* **Stored entries**

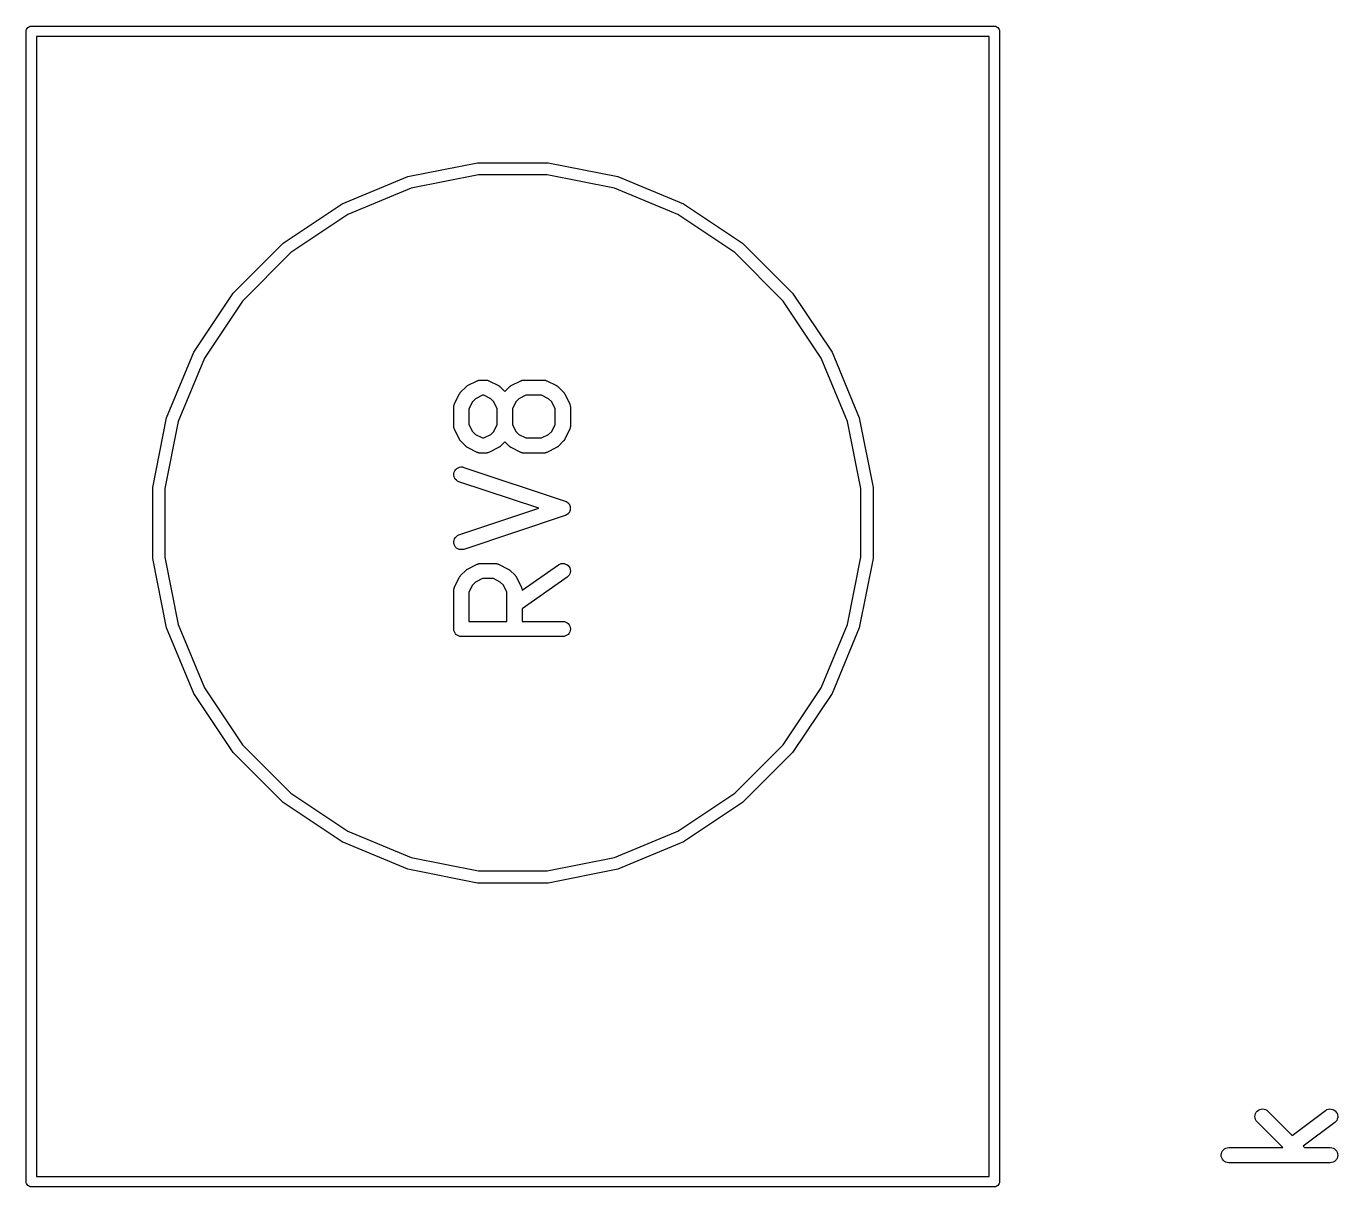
# Model space of a CAD drawing. Extents: x 19 to 116, y -142 to -17.
# Drawn here: x 75.11 to 88.05, y -116.2 to -104.75 of the extents above; entities that cross this region are included whole.
import ezdxf

# ---------------------------------------------------------------- set-up
doc = ezdxf.new("R2010")
doc.units = 0
doc.layers.add('BLACK', color=7, linetype='CONTINUOUS')

msp = doc.modelspace()

# ---------------------------------------------------------------- linework, layer by layer
at = {"layer": 'BLACK', "linetype": 'CONTINUOUS'}
for p, q in [((75.1098, -104.8), (75.1107, -104.79)), ((75.1107, -104.79), (75.1136, -104.781)), ((75.1136, -104.781), (75.1182, -104.772)), ((75.1182, -104.772), (75.1245, -104.764)), ((75.1245, -104.764), (75.1321, -104.758)), ((75.1321, -104.758), (75.1408, -104.754)), ((75.1408, -104.754), (75.1502, -104.751)), ((75.1502, -104.751), (75.1576, -104.75)), ((75.1576, -104.75), (75.16, -104.75)), ((75.16, -104.75), (75.1624, -104.75)), ((75.1624, -104.75), (84.6576, -104.75)), ((84.6576, -104.75), (84.66, -104.75)), ((84.66, -104.75), (84.6624, -104.75)), ((84.6624, -104.75), (84.6698, -104.751)), ((84.6698, -104.751), (84.6792, -104.754)), ((84.6792, -104.754), (84.6879, -104.758)), ((84.6879, -104.758), (84.6955, -104.764)), ((84.6955, -104.764), (84.7018, -104.772)), ((84.7018, -104.772), (84.7064, -104.781)), ((84.7064, -104.781), (84.7093, -104.79)), ((84.7093, -104.79), (84.7102, -104.8)), ((75.11, -104.802), (75.1098, -104.8)), ((75.11, -116.148), (75.11, -104.802)), ((75.21, -104.85), (75.21, -116.1)), ((84.61, -104.85), (75.21, -104.85)), ((84.61, -116.1), (84.61, -104.85)), ((84.7102, -104.8), (84.71, -104.802)), ((84.71, -104.802), (84.71, -116.148)), ((78.8737, -106.234), (79.5601, -106.097)), ((79.5718, -106.217), (78.9085, -106.349)), ((79.5601, -106.097), (80.2599, -106.097)), ((80.2482, -106.217), (79.5718, -106.217)), ((80.9115, -106.349), (80.2482, -106.217)), ((80.2599, -106.097), (80.9463, -106.234)), ((78.2271, -106.502), (78.8737, -106.234)), ((80.9463, -106.234), (81.5929, -106.502)), ((78.9085, -106.349), (78.2837, -106.607)), ((81.5363, -106.607), (80.9115, -106.349)), ((77.6452, -106.89), (78.2271, -106.502)), ((81.5929, -106.502), (82.1748, -106.89)), ((78.2837, -106.607), (77.7213, -106.983)), ((82.0987, -106.983), (81.5363, -106.607)), ((77.1504, -107.385), (77.6452, -106.89)), ((77.7213, -106.983), (77.2431, -107.461)), ((82.5769, -107.461), (82.0987, -106.983)), ((82.1748, -106.89), (82.6696, -107.385)), ((76.7615, -107.967), (77.1504, -107.385)), ((77.2431, -107.461), (76.8674, -108.024)), ((82.9526, -108.024), (82.5769, -107.461)), ((82.6696, -107.385), (83.0585, -107.967)), ((76.4937, -108.614), (76.7615, -107.967)), ((76.8674, -108.024), (76.6086, -108.649)), ((83.2114, -108.649), (82.9526, -108.024)), ((83.0585, -107.967), (83.3263, -108.614)), ((79.4641, -108.296), (79.5593, -108.249)), ((79.5593, -108.249), (79.5603, -108.248)), ((79.5603, -108.248), (79.5623, -108.247)), ((79.5623, -108.247), (79.5643, -108.246)), ((79.5643, -108.246), (79.5692, -108.245)), ((79.5692, -108.245), (79.574, -108.243)), ((79.574, -108.243), (79.5762, -108.243)), ((79.5762, -108.243), (79.5783, -108.242)), ((79.5783, -108.242), (79.5834, -108.242)), ((79.5834, -108.242), (79.5885, -108.241)), ((79.5885, -108.241), (79.5907, -108.241)), ((79.5907, -108.241), (79.5929, -108.241)), ((79.5929, -108.241), (79.6405, -108.241)), ((79.6405, -108.241), (79.6415, -108.241)), ((79.6415, -108.241), (79.6437, -108.241)), ((79.6437, -108.241), (79.6459, -108.241)), ((79.6459, -108.241), (79.651, -108.242)), ((79.651, -108.242), (79.6561, -108.242)), ((79.6561, -108.242), (79.6582, -108.243)), ((79.6582, -108.243), (79.6603, -108.243)), ((79.6603, -108.243), (79.6651, -108.245)), ((79.6651, -108.245), (79.67, -108.247)), ((79.67, -108.247), (79.672, -108.248)), ((79.672, -108.248), (79.674, -108.249)), ((79.674, -108.249), (79.7693, -108.296)), ((79.8926, -108.296), (79.9879, -108.249)), ((79.9879, -108.249), (79.9888, -108.248)), ((79.9888, -108.248), (79.9909, -108.247)), ((79.9909, -108.247), (79.9928, -108.246)), ((79.9928, -108.246), (79.9978, -108.245)), ((79.9978, -108.245), (80.0026, -108.243)), ((80.0026, -108.243), (80.0047, -108.243)), ((80.0047, -108.243), (80.0069, -108.242)), ((80.0069, -108.242), (80.012, -108.242)), ((80.012, -108.242), (80.017, -108.241)), ((80.017, -108.241), (80.0192, -108.241)), ((80.0192, -108.241), (80.0214, -108.241)), ((80.0214, -108.241), (80.2119, -108.241)), ((80.2119, -108.241), (80.213, -108.241)), ((80.213, -108.241), (80.2151, -108.241)), ((80.2151, -108.241), (80.2174, -108.241)), ((80.2174, -108.241), (80.2224, -108.242)), ((80.2224, -108.242), (80.2275, -108.242)), ((80.2275, -108.242), (80.2296, -108.243)), ((80.2296, -108.243), (80.2318, -108.243)), ((80.2318, -108.243), (80.2366, -108.245)), ((80.2366, -108.245), (80.2415, -108.247)), ((80.2415, -108.247), (80.2434, -108.248)), ((80.2434, -108.248), (80.2454, -108.249)), ((80.2454, -108.249), (80.3407, -108.296)), ((79.3353, -108.473), (79.3829, -108.377)), ((79.3829, -108.377), (79.3834, -108.376)), ((79.3834, -108.376), (79.3857, -108.373)), ((79.3857, -108.373), (79.3877, -108.369)), ((79.3877, -108.369), (79.3897, -108.367)), ((79.3897, -108.367), (79.3914, -108.364)), ((79.3914, -108.364), (79.3943, -108.361)), ((79.3943, -108.361), (79.397, -108.358)), ((79.397, -108.358), (79.4446, -108.31)), ((79.4446, -108.31), (79.4453, -108.31)), ((79.4453, -108.31), (79.4486, -108.307)), ((79.4486, -108.307), (79.4517, -108.304)), ((79.4517, -108.304), (79.4543, -108.302)), ((79.4543, -108.302), (79.4568, -108.3)), ((79.4568, -108.3), (79.4605, -108.298)), ((79.4605, -108.298), (79.4641, -108.296)), ((79.6106, -108.391), (79.542, -108.425)), ((79.6228, -108.391), (79.6106, -108.391)), ((79.6913, -108.425), (79.6228, -108.391)), ((79.7693, -108.296), (79.7702, -108.297)), ((79.7702, -108.297), (79.7737, -108.299)), ((79.7737, -108.299), (79.7774, -108.301)), ((79.7774, -108.301), (79.7798, -108.303)), ((79.7798, -108.303), (79.7825, -108.305)), ((79.7825, -108.305), (79.7855, -108.308)), ((79.7855, -108.308), (79.7887, -108.31)), ((79.7887, -108.31), (79.831, -108.353)), ((79.831, -108.353), (79.8732, -108.31)), ((79.8732, -108.31), (79.8739, -108.31)), ((79.8739, -108.31), (79.8772, -108.307)), ((79.8772, -108.307), (79.8803, -108.304)), ((79.8803, -108.304), (79.8829, -108.302)), ((79.8829, -108.302), (79.8853, -108.3)), ((79.8853, -108.3), (79.8891, -108.298)), ((79.8891, -108.298), (79.8926, -108.296)), ((80.0391, -108.391), (79.9706, -108.425)), ((80.1942, -108.391), (80.0391, -108.391)), ((80.2627, -108.425), (80.1942, -108.391)), ((80.3407, -108.296), (80.3416, -108.297)), ((80.3416, -108.297), (80.3452, -108.299)), ((80.3452, -108.299), (80.3489, -108.301)), ((80.3489, -108.301), (80.3513, -108.303)), ((80.3513, -108.303), (80.3539, -108.305)), ((80.3539, -108.305), (80.3569, -108.308)), ((80.3569, -108.308), (80.3602, -108.31)), ((80.3602, -108.31), (80.4078, -108.358)), ((80.4078, -108.358), (80.4085, -108.359)), ((80.4085, -108.359), (80.4112, -108.362)), ((80.4112, -108.362), (80.4141, -108.365)), ((80.4141, -108.365), (80.4157, -108.368)), ((80.4157, -108.368), (80.4177, -108.37)), ((80.4177, -108.37), (80.4196, -108.374)), ((80.4196, -108.374), (80.4218, -108.377)), ((80.4218, -108.377), (80.4695, -108.473)), ((79.3274, -108.505), (79.3276, -108.503)), ((79.3274, -108.506), (79.3274, -108.505)), ((79.3274, -108.697), (79.3274, -108.506)), ((79.3276, -108.501), (79.3284, -108.496)), ((79.3276, -108.503), (79.3276, -108.501)), ((79.3284, -108.496), (79.329, -108.491)), ((79.329, -108.491), (79.3297, -108.488)), ((79.3297, -108.488), (79.3301, -108.486)), ((79.3301, -108.486), (79.3319, -108.482)), ((79.3319, -108.482), (79.3334, -108.477)), ((79.3334, -108.477), (79.3345, -108.475)), ((79.3345, -108.475), (79.3353, -108.473)), ((79.5116, -108.455), (79.4774, -108.524)), ((79.4774, -108.524), (79.4774, -108.679)), ((79.542, -108.425), (79.5116, -108.455)), ((79.7217, -108.455), (79.6913, -108.425)), ((79.756, -108.524), (79.7217, -108.455)), ((79.756, -108.679), (79.756, -108.524)), ((79.9402, -108.455), (79.906, -108.524)), ((79.906, -108.524), (79.906, -108.679)), ((79.9706, -108.425), (79.9402, -108.455)), ((80.2931, -108.455), (80.2627, -108.425)), ((80.3274, -108.524), (80.2931, -108.455)), ((80.3274, -108.679), (80.3274, -108.524)), ((80.4695, -108.473), (80.4699, -108.474)), ((80.4699, -108.474), (80.4707, -108.476)), ((80.4707, -108.476), (80.4717, -108.478)), ((80.4717, -108.478), (80.4732, -108.483)), ((80.4732, -108.483), (80.475, -108.487)), ((80.475, -108.487), (80.4753, -108.49)), ((80.4753, -108.49), (80.476, -108.492)), ((80.476, -108.492), (80.4765, -108.497)), ((80.4765, -108.497), (80.4773, -108.502)), ((80.4773, -108.502), (80.4772, -108.504)), ((80.4772, -108.504), (80.4774, -108.506)), ((80.4774, -108.506), (80.4774, -108.697)), ((76.3572, -109.3), (76.4937, -108.614)), ((76.6086, -108.649), (76.4766, -109.312)), ((83.3434, -109.312), (83.2114, -108.649)), ((83.3263, -108.614), (83.4628, -109.3)), ((79.3276, -108.699), (79.3274, -108.697)), ((79.3275, -108.701), (79.3276, -108.699)), ((79.3283, -108.706), (79.3275, -108.701)), ((79.3288, -108.711), (79.3283, -108.706)), ((79.3294, -108.713), (79.3288, -108.711)), ((79.3298, -108.716), (79.3294, -108.713)), ((79.3316, -108.72), (79.3298, -108.716)), ((79.333, -108.725), (79.3316, -108.72)), ((79.3341, -108.727), (79.333, -108.725)), ((79.3348, -108.729), (79.3341, -108.727)), ((79.3353, -108.73), (79.3348, -108.729)), ((79.3829, -108.825), (79.3353, -108.73)), ((79.4774, -108.679), (79.5116, -108.747)), ((79.5116, -108.747), (79.542, -108.778)), ((79.542, -108.778), (79.6106, -108.812)), ((79.6228, -108.812), (79.6913, -108.778)), ((79.6913, -108.778), (79.7217, -108.747)), ((79.7217, -108.747), (79.756, -108.679)), ((79.906, -108.679), (79.9402, -108.747)), ((79.9402, -108.747), (79.9706, -108.778)), ((79.9706, -108.778), (80.0391, -108.812)), ((80.1942, -108.812), (80.2627, -108.778)), ((80.2627, -108.778), (80.2931, -108.747)), ((80.2931, -108.747), (80.3274, -108.679)), ((80.4695, -108.73), (80.4218, -108.825)), ((80.4703, -108.728), (80.4695, -108.73)), ((80.4713, -108.726), (80.4703, -108.728)), ((80.4729, -108.721), (80.4713, -108.726)), ((80.4747, -108.717), (80.4729, -108.721)), ((80.4751, -108.714), (80.4747, -108.717)), ((80.4757, -108.712), (80.4751, -108.714)), ((80.4763, -108.707), (80.4757, -108.712)), ((80.4772, -108.702), (80.4763, -108.707)), ((80.4774, -108.698), (80.4771, -108.7)), ((80.4771, -108.7), (80.4772, -108.702)), ((80.4774, -108.697), (80.4774, -108.698)), ((79.3852, -108.829), (79.3829, -108.825)), ((79.3871, -108.833), (79.3852, -108.829)), ((79.389, -108.835), (79.3871, -108.833)), ((79.3907, -108.838), (79.389, -108.835)), ((79.3936, -108.841), (79.3907, -108.838)), ((79.3962, -108.844), (79.3936, -108.841)), ((79.397, -108.845), (79.3962, -108.844)), ((79.4446, -108.893), (79.397, -108.845)), ((79.4478, -108.895), (79.4446, -108.893)), ((79.4509, -108.898), (79.4478, -108.895)), ((79.4535, -108.9), (79.4509, -108.898)), ((79.4559, -108.902), (79.4535, -108.9)), ((79.4596, -108.904), (79.4559, -108.902)), ((79.4631, -108.906), (79.4596, -108.904)), ((79.4641, -108.907), (79.4631, -108.906)), ((79.5593, -108.954), (79.4641, -108.907)), ((79.6106, -108.812), (79.6228, -108.812)), ((79.7693, -108.907), (79.674, -108.954)), ((79.7728, -108.904), (79.7693, -108.907)), ((79.7766, -108.902), (79.7728, -108.904)), ((79.779, -108.9), (79.7766, -108.902)), ((79.7816, -108.899), (79.779, -108.9)), ((79.7847, -108.896), (79.7816, -108.899)), ((79.788, -108.893), (79.7847, -108.896)), ((79.7887, -108.893), (79.788, -108.893)), ((79.831, -108.85), (79.7887, -108.893)), ((79.8732, -108.893), (79.831, -108.85)), ((79.8764, -108.895), (79.8732, -108.893)), ((79.8794, -108.898), (79.8764, -108.895)), ((79.8821, -108.9), (79.8794, -108.898)), ((79.8845, -108.902), (79.8821, -108.9)), ((79.8882, -108.904), (79.8845, -108.902)), ((79.8917, -108.906), (79.8882, -108.904)), ((79.8926, -108.907), (79.8917, -108.906)), ((79.9879, -108.954), (79.8926, -108.907)), ((80.0391, -108.812), (80.1942, -108.812)), ((80.3407, -108.907), (80.2454, -108.954)), ((80.3443, -108.904), (80.3407, -108.907)), ((80.348, -108.902), (80.3443, -108.904)), ((80.3504, -108.9), (80.348, -108.902)), ((80.3531, -108.899), (80.3504, -108.9)), ((80.3561, -108.896), (80.3531, -108.899)), ((80.3594, -108.893), (80.3561, -108.896)), ((80.3602, -108.893), (80.3594, -108.893)), ((80.4078, -108.845), (80.3602, -108.893)), ((80.4105, -108.842), (80.4078, -108.845)), ((80.4134, -108.839), (80.4105, -108.842)), ((80.4151, -108.836), (80.4134, -108.839)), ((80.4171, -108.834), (80.4151, -108.836)), ((80.4191, -108.83), (80.4171, -108.834)), ((80.4214, -108.826), (80.4191, -108.83)), ((80.4218, -108.825), (80.4214, -108.826)), ((79.5614, -108.955), (79.5593, -108.954)), ((79.5633, -108.956), (79.5614, -108.955)), ((79.5682, -108.958), (79.5633, -108.956)), ((79.573, -108.959), (79.5682, -108.958)), ((79.5752, -108.96), (79.573, -108.959)), ((79.5773, -108.961), (79.5752, -108.96)), ((79.5824, -108.961), (79.5773, -108.961)), ((79.5874, -108.962), (79.5824, -108.961)), ((79.5896, -108.962), (79.5874, -108.962)), ((79.5918, -108.962), (79.5896, -108.962)), ((79.5929, -108.962), (79.5918, -108.962)), ((79.6405, -108.962), (79.5929, -108.962)), ((79.6427, -108.962), (79.6405, -108.962)), ((79.6449, -108.962), (79.6427, -108.962)), ((79.6499, -108.961), (79.6449, -108.962)), ((79.655, -108.961), (79.6499, -108.961)), ((79.6572, -108.96), (79.655, -108.961)), ((79.6593, -108.96), (79.6572, -108.96)), ((79.6641, -108.958), (79.6593, -108.96)), ((79.6691, -108.956), (79.6641, -108.958)), ((79.671, -108.955), (79.6691, -108.956)), ((79.6731, -108.955), (79.671, -108.955)), ((79.674, -108.954), (79.6731, -108.955)), ((79.9899, -108.955), (79.9879, -108.954)), ((79.9919, -108.956), (79.9899, -108.955)), ((79.9968, -108.958), (79.9919, -108.956)), ((80.0016, -108.959), (79.9968, -108.958)), ((80.0037, -108.96), (80.0016, -108.959)), ((80.0058, -108.961), (80.0037, -108.96)), ((80.0109, -108.961), (80.0058, -108.961)), ((80.016, -108.962), (80.0109, -108.961)), ((80.0182, -108.962), (80.016, -108.962)), ((80.0204, -108.962), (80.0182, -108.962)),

* **TASK ITEM**
Filter the records above and copy every line that contains the word "CONTINUOUS".

* **FINISHED EXERCISE**
doc.layers.add('BLACK', color=7, linetype='CONTINUOUS')
at = {"layer": 'BLACK', "linetype": 'CONTINUOUS'}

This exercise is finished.